We’ve all been taught that the bake sale that makes 10% overhead is superior to the professional fundraising enterprise with 50% overhead, but what if we considered the actual size of these fundraisers as a whole? Does the 10% overhead of the bake sale really matter if it raises $81, while the professional fundraiser netted $81 million because it invested in its scale? Which return on investment would you prefer?
How does all of this information apply to Fortify Foundation and, more specifically, those we serve, the Christian schools? We want to see this rule book changed. We want to see charitable giving go above 2% in the GDP. We want to change the way the world looks at nonprofits and their impact, and change the scale of fundraising and investing that nonprofits have been held up against until now. As a nonprofit foundation, we take the liberty to invest in our overhead in order to scale our own growth. This allows us to have a more significant impact on Christian schools across the nation in the long run. We invest in advertising and marketing initiatives, we hold fundraising events such as our yearly gala, and we grow our reach through our podcast, social media, and this very magazine, all with the intention of taking that return on investment and pouring it into our mission of serving Christian schools. We are growing and scaling our own endowment fund, just as we advise our partnered schools to do. This endowment fund is a long-term investment, something we established to ensure that the future of our nonprofit is secure for as long as God allows.
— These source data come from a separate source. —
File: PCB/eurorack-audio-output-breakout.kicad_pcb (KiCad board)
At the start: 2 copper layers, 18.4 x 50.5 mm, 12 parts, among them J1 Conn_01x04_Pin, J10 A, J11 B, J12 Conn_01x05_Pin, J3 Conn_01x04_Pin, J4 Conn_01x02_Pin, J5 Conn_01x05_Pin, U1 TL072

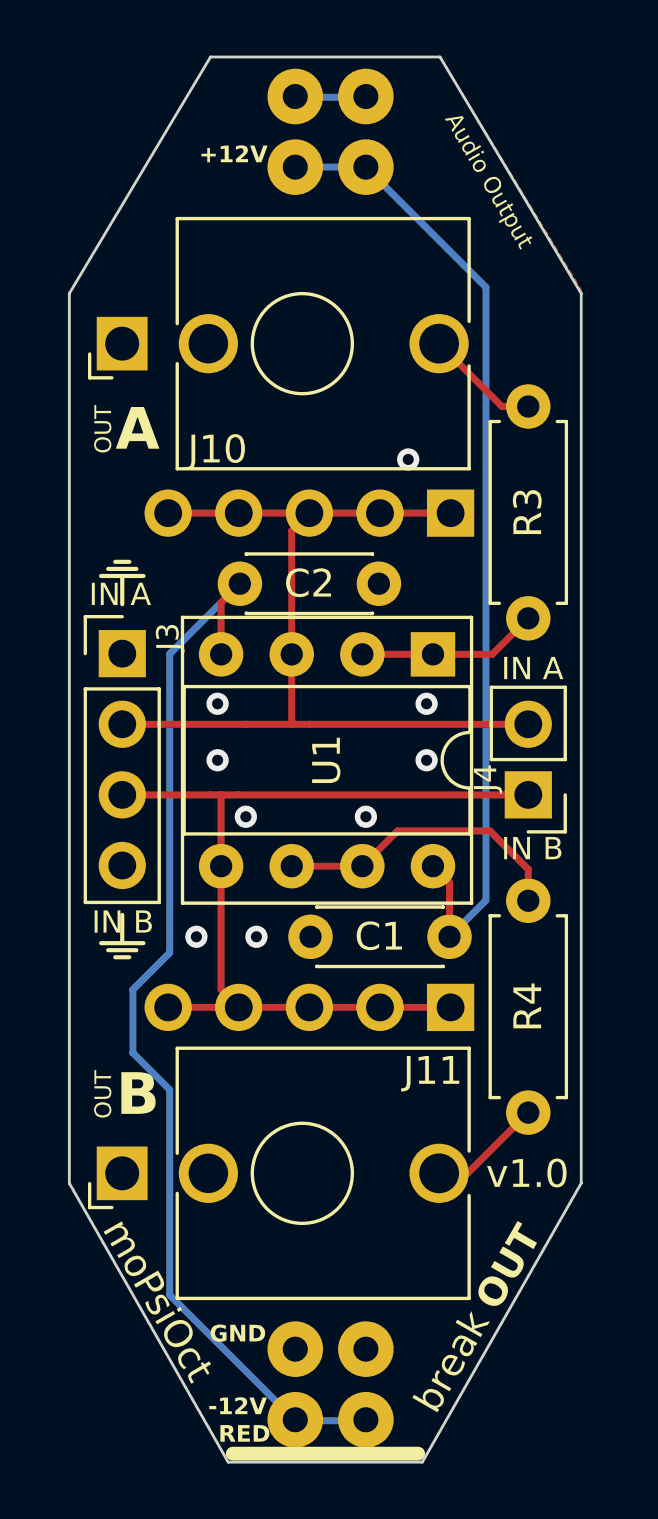
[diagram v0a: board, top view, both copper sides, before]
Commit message: Fix header and text placement
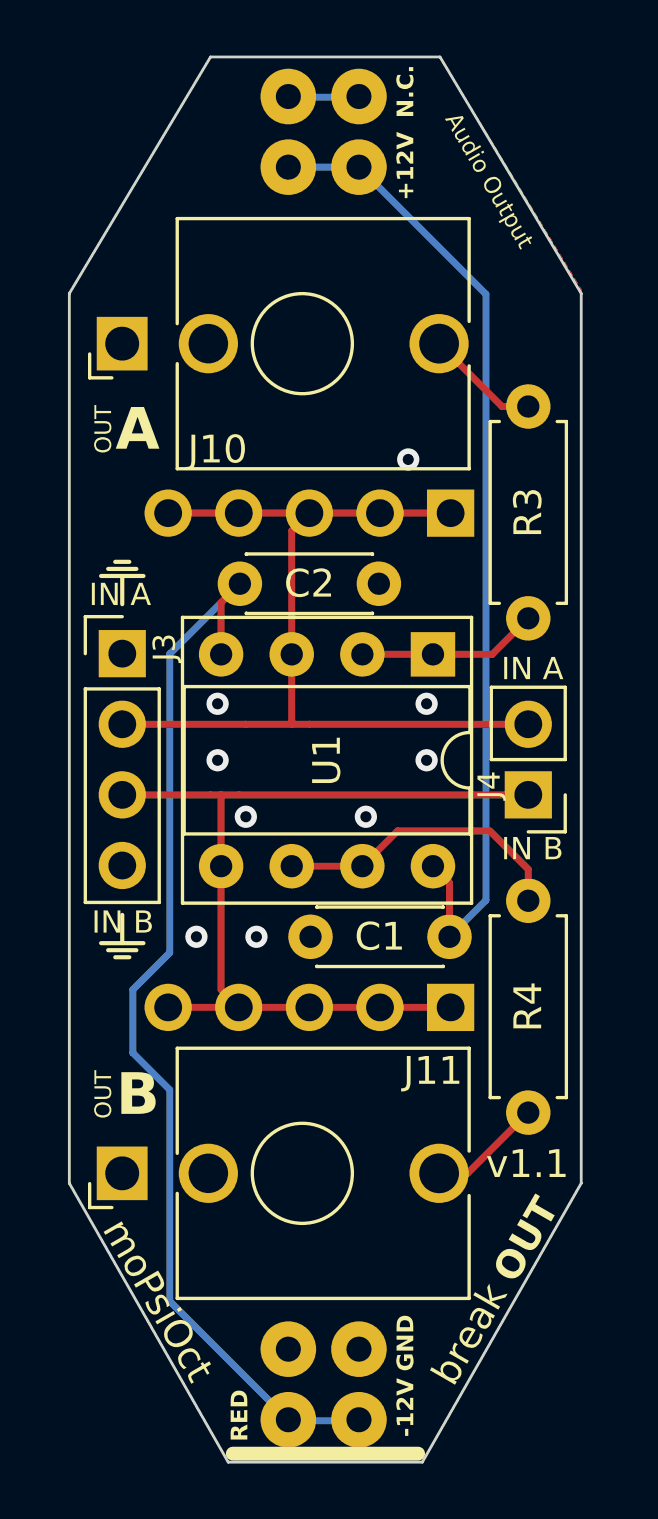
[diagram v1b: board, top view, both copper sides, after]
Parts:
- moved J1 0.25 mm to (191.8, 88.8)
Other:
- board text added: "N.C."
- board text added: "v1.1"
- board text removed: "v1.0"
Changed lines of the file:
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@@
 				(font
 					(size 1.27 1.27)
+					(thickness 0.15)
 				)
 			)
@@
 				(font
 					(size 1.27 1.27)
+					(thickness 0.15)
 				)
 			)
@@
 				(font
 					(size 1.27 1.27)
+					(thickness 0.15)
 				)
 			)
@@
 				(font
 					(size 1.27 1.27)
+					(thickness 0.15)
 				)
 			)
@@
 				(font
 					(size 1.27 1.27)
+					(thickness 0.15)
 				)
 			)
@@
 				(font
 					(size 1.27 1.27)
+					(thickness 0.15)
 				)
 			)
@@
 		(tags "Through hole pin header THT 1x04 2.54mm single row")
 		(property "Reference" "J3"
-			(at 1.651 -0.6096 90)
+			(at 1.524 -0.2286 90)
 			(layer "F.SilkS")
 			(effects
@@
 				(font
 					(size 1.27 1.27)
+					(thickness 0.15)
 				)
 			)
@@
 				(font
 					(size 1.27 1.27)
+					(thickness 0.15)
 				)
 			)
@@
 				(font
 					(size 1.27 1.27)
+					(thickness 0.15)
 				)
 			)
@@
 				(font
 					(size 1.27 1.27)
+					(thickness 0.15)
 				)
 			)
@@
 				(font
 					(size 1.27 1.27)
+					(thickness 0.15)
 				)
 			)
@@
 				(font
 					(size 1.27 1.27)
+					(thickness 0.15)
 				)
 			)
@@
 				(font
 					(size 1.27 1.27)
+					(thickness 0.15)
 				)
 			)
@@
 				(font
 					(size 1.27 1.27)
+					(thickness 0.15)
 				)
 			)
@@
 				(font
 					(size 1.27 1.27)
+					(thickness 0.15)
 				)
 			)
@@
 				(font
 					(size 1.27 1.27)
+					(thickness 0.15)
 				)
 			)
@@
 				(font
 					(size 1.27 1.27)
+					(thickness 0.15)
 				)
 			)
@@
 				(font
 					(size 1.27 1.27)
+					(thickness 0.15)
 				)
 			)
@@
 		(tags "Through hole pin header THT 1x02 2.54mm single row")
 		(property "Reference" "J4"
-			(at 1.524 0.6096 90)
+			(at 1.397 0.3556 90)
 			(layer "F.SilkS")
 			(effects
@@
 				(font
 					(size 1.27 1.27)
+					(thickness 0.15)
 				)
 			)
@@
 				(font
 					(size 1.27 1.27)
+					(thickness 0.15)
 				)
 			)
@@
 				(font
 					(size 1.27 1.27)
+					(thickness 0.15)
 				)
 			)
@@
 				(font
 					(size 1.27 1.27)
+					(thickness 0.15)
 				)
 			)
@@
 				(font
 					(size 1.27 1.27)
+					(thickness 0.15)
 				)
 			)
@@
 				(font
 					(size 1.27 1.27)
+					(thickness 0.15)
 				)
 			)
@@
 				(font
 					(size 1.27 1.27)
+					(thickness 0.15)
 				)
 			)
@@
 				(font
 					(size 1.27 1.27)
+					(thickness 0.15)
 				)
 			)
@@
 				(font
 					(size 1.27 1.27)
+					(thickness 0.15)
 				)
 			)
@@
 				(font
 					(size 1.27 1.27)
+					(thickness 0.15)
 				)
 			)
@@
 				(font
 					(size 1.27 1.27)
+					(thickness 0.15)
 				)
 			)
@@
 				(font
 					(size 1.27 1.27)
+					(thickness 0.15)
 				)
 			)
@@
 				(font
 					(size 1.27 1.27)
+					(thickness 0.15)
 				)
 			)
@@
 				(font
 					(size 1.27 1.27)
+					(thickness 0.15)
 				)
 			)
@@
 				(font
 					(size 1.27 1.27)
+					(thickness 0.15)
 				)
 			)
@@
 	)
 	(footprint "moPsy:Breadboard Power Connector"
-		(locked yes)
 		(layer "B.Cu")
-		(at 192.019 88.824 180)
+		(at 191.77 88.824 180)
 		(property "Reference" "J1"
 			(at 0.757 19.101 0)
@@
 				(font
 					(size 1.27 1.27)
+					(thickness 0.15)
 				)
 			)
@@
 				(font
 					(size 1.27 1.27)
+					(thickness 0.15)
 				)
 			)
@@
 				(font
 					(size 1.27 1.27)
+					(thickness 0.15)
 				)
 			)
@@
 	)
 	(gr_text "RED"
-		(at 187.2234 113.4872 0)
+		(at 188.341 113.411 90)
 		(layer "F.SilkS")
 		(effects
@@
 	)
 	(gr_text "+12V"
-		(at 189.0014 67.4624 0)
+		(at 194.31 66.294 90)
 		(layer "F.SilkS")
 		(effects
@@
 	)
 	(gr_text "break"
-		(at 195.1482 112.522 60)
+		(at 195.7832 111.5314 60)
 		(layer "F.SilkS")
 		(effects
@@
 		)
 	)
-	(gr_text "v1.0"
-		(at 196.85 104.3686 0)
+	(gr_text "v1.1"
+		(at 196.85 104.013 0)
 		(layer "F.SilkS")
 		(effects
@@
 	)
 	(gr_text "OUT"
-		(at 197.358 108.8136 60)
+		(at 197.993 107.823 60)
 		(layer "F.SilkS")
 		(effects
@@
 		)
 	)
+	(gr_text "N.C."
+		(at 194.31 63.881 90)
+		(layer "F.SilkS")
+		(effects
+			(font
+				(size 0.6 0.6)
+				(thickness 0.1)
+				(bold yes)
+			)
+			(justify right bottom)
+		)
+	)
 	(gr_text "OUT"
 		(at 183.4388 77.8764 90)
@@
 	)
 	(gr_text "-12V"
-		(at 188.976 112.4966 0)
+		(at 194.31 111.125 90)
 		(layer "F.SilkS")
 		(effects
@@
 	)
 	(gr_text "GND"
-		(at 188.9506 109.8804 0)
+		(at 194.31 108.839 90)
 		(layer "F.SilkS")
 		(effects
@@
 	)
 	(segment
-		(start 196.85 71.882)
-		(end 196.85 93.94)
+		(start 196.85 93.94)
+		(end 195.54 95.25)
 		(width 0.25)
 		(layer "B.Cu")
@@
 	)
 	(segment
-		(start 189.992 67.564)
-		(end 192.532 67.564)
+		(start 192.283 67.564)
+		(end 196.85 72.131)
 		(width 0.25)
 		(layer "B.Cu")
@@
 	)
 	(segment
-		(start 196.85 93.94)
-		(end 195.54 95.25)
+		(start 196.85 72.131)
+		(end 196.85 93.94)
 		(width 0.25)
 		(layer "B.Cu")
@@
 	)
 	(segment
-		(start 192.532 67.564)
-		(end 196.85 71.882)
+		(start 189.743 67.564)
+		(end 192.283 67.564)
 		(width 0.25)
 		(layer "B.Cu")
@@
 	)
 	(segment
-		(start 185.476 85.074)
-		(end 188 82.55)
+		(start 185.476 95.823649)
+		(end 185.476 85.074)
 		(width 0.25)
 		(layer "B.Cu")
@@
 	)
 	(segment
-		(start 189.997 112.6596)
-		(end 185.476 108.1386)
+		(start 192.537 112.6596)
+		(end 189.7786 112.6596)
 		(width 0.25)
 		(layer "B.Cu")
@@
 	)
 	(segment
-		(start 185.476 100.7546)
-		(end 184.15 99.4286)
+		(start 184.15 97.149649)
+		(end 185.476 95.823649)
+		(width 0.25)
+		(layer "B.Cu")
+		(net 3)
+	)
+	(segment
+		(start 184.15 99.4286)
+		(end 184.15 97.149649)
 		(width 0.25)
 		(layer "B.Cu")
@@
 	)
 	(segment
-		(start 185.476 108.1386)
+		(start 185.476 108.357)
 		(end 185.476 100.7546)
 		(width 0.25)
@@
 	)
 	(segment
-		(start 184.15 97.149649)
-		(end 185.476 95.823649)
+		(start 189.743 112.624)
+		(end 185.476 108.357)
 		(width 0.25)
 		(layer "B.Cu")
@@
 	)
 	(segment
-		(start 184.15 99.4286)
-		(end 184.15 97.149649)
+		(start 185.476 85.074)
+		(end 188 82.55)
 		(width 0.25)
 		(layer "B.Cu")
@@
 	)
 	(segment
-		(start 192.537 112.6596)
-		(end 189.997 112.6596)
+		(start 185.476 100.7546)
+		(end 184.15 99.4286)
 		(width 0.25)
 		(layer "B.Cu")
@@
 	)
 	(segment
-		(start 185.476 95.823649)
-		(end 185.476 85.074)
+		(start 189.7786 112.6596)
+		(end 189.743 112.624)
 		(width 0.25)
 		(layer "B.Cu")

People often want to see their donations go directly to the cause they are contributing, but we strive to educate our own donors to see the value in investing those donations for the future through our endowment, making a much larger impact than they would be standing alone.
This is exactly what we want to see for our partnered schools. We want Christian schools to see the value in investing in themselves for the long term. While you may not reap the benefits of your endowment fund in the immediate, the long-term benefits of that fund will far exceed any other short-term fundraiser. We encourage our schools to invest in themselves through fundraising and marketing initiatives that promote their endowment fund and invite others to become a part. We teach our partners to educate their donors on the benefits of a gift to their endowment, its lasting effects, and even unique ways they can contribute through planned giving. While they may not see their donation put into action right away, they will see their donation grow year over year in the fund and can rest assured its lasting impact will be more significant than their original donation.
If you haven’t yet considered opening an endowment fund with Fortify Foundation, I challenge you to consider what investing in your school today could do for the future generations who come through your doors.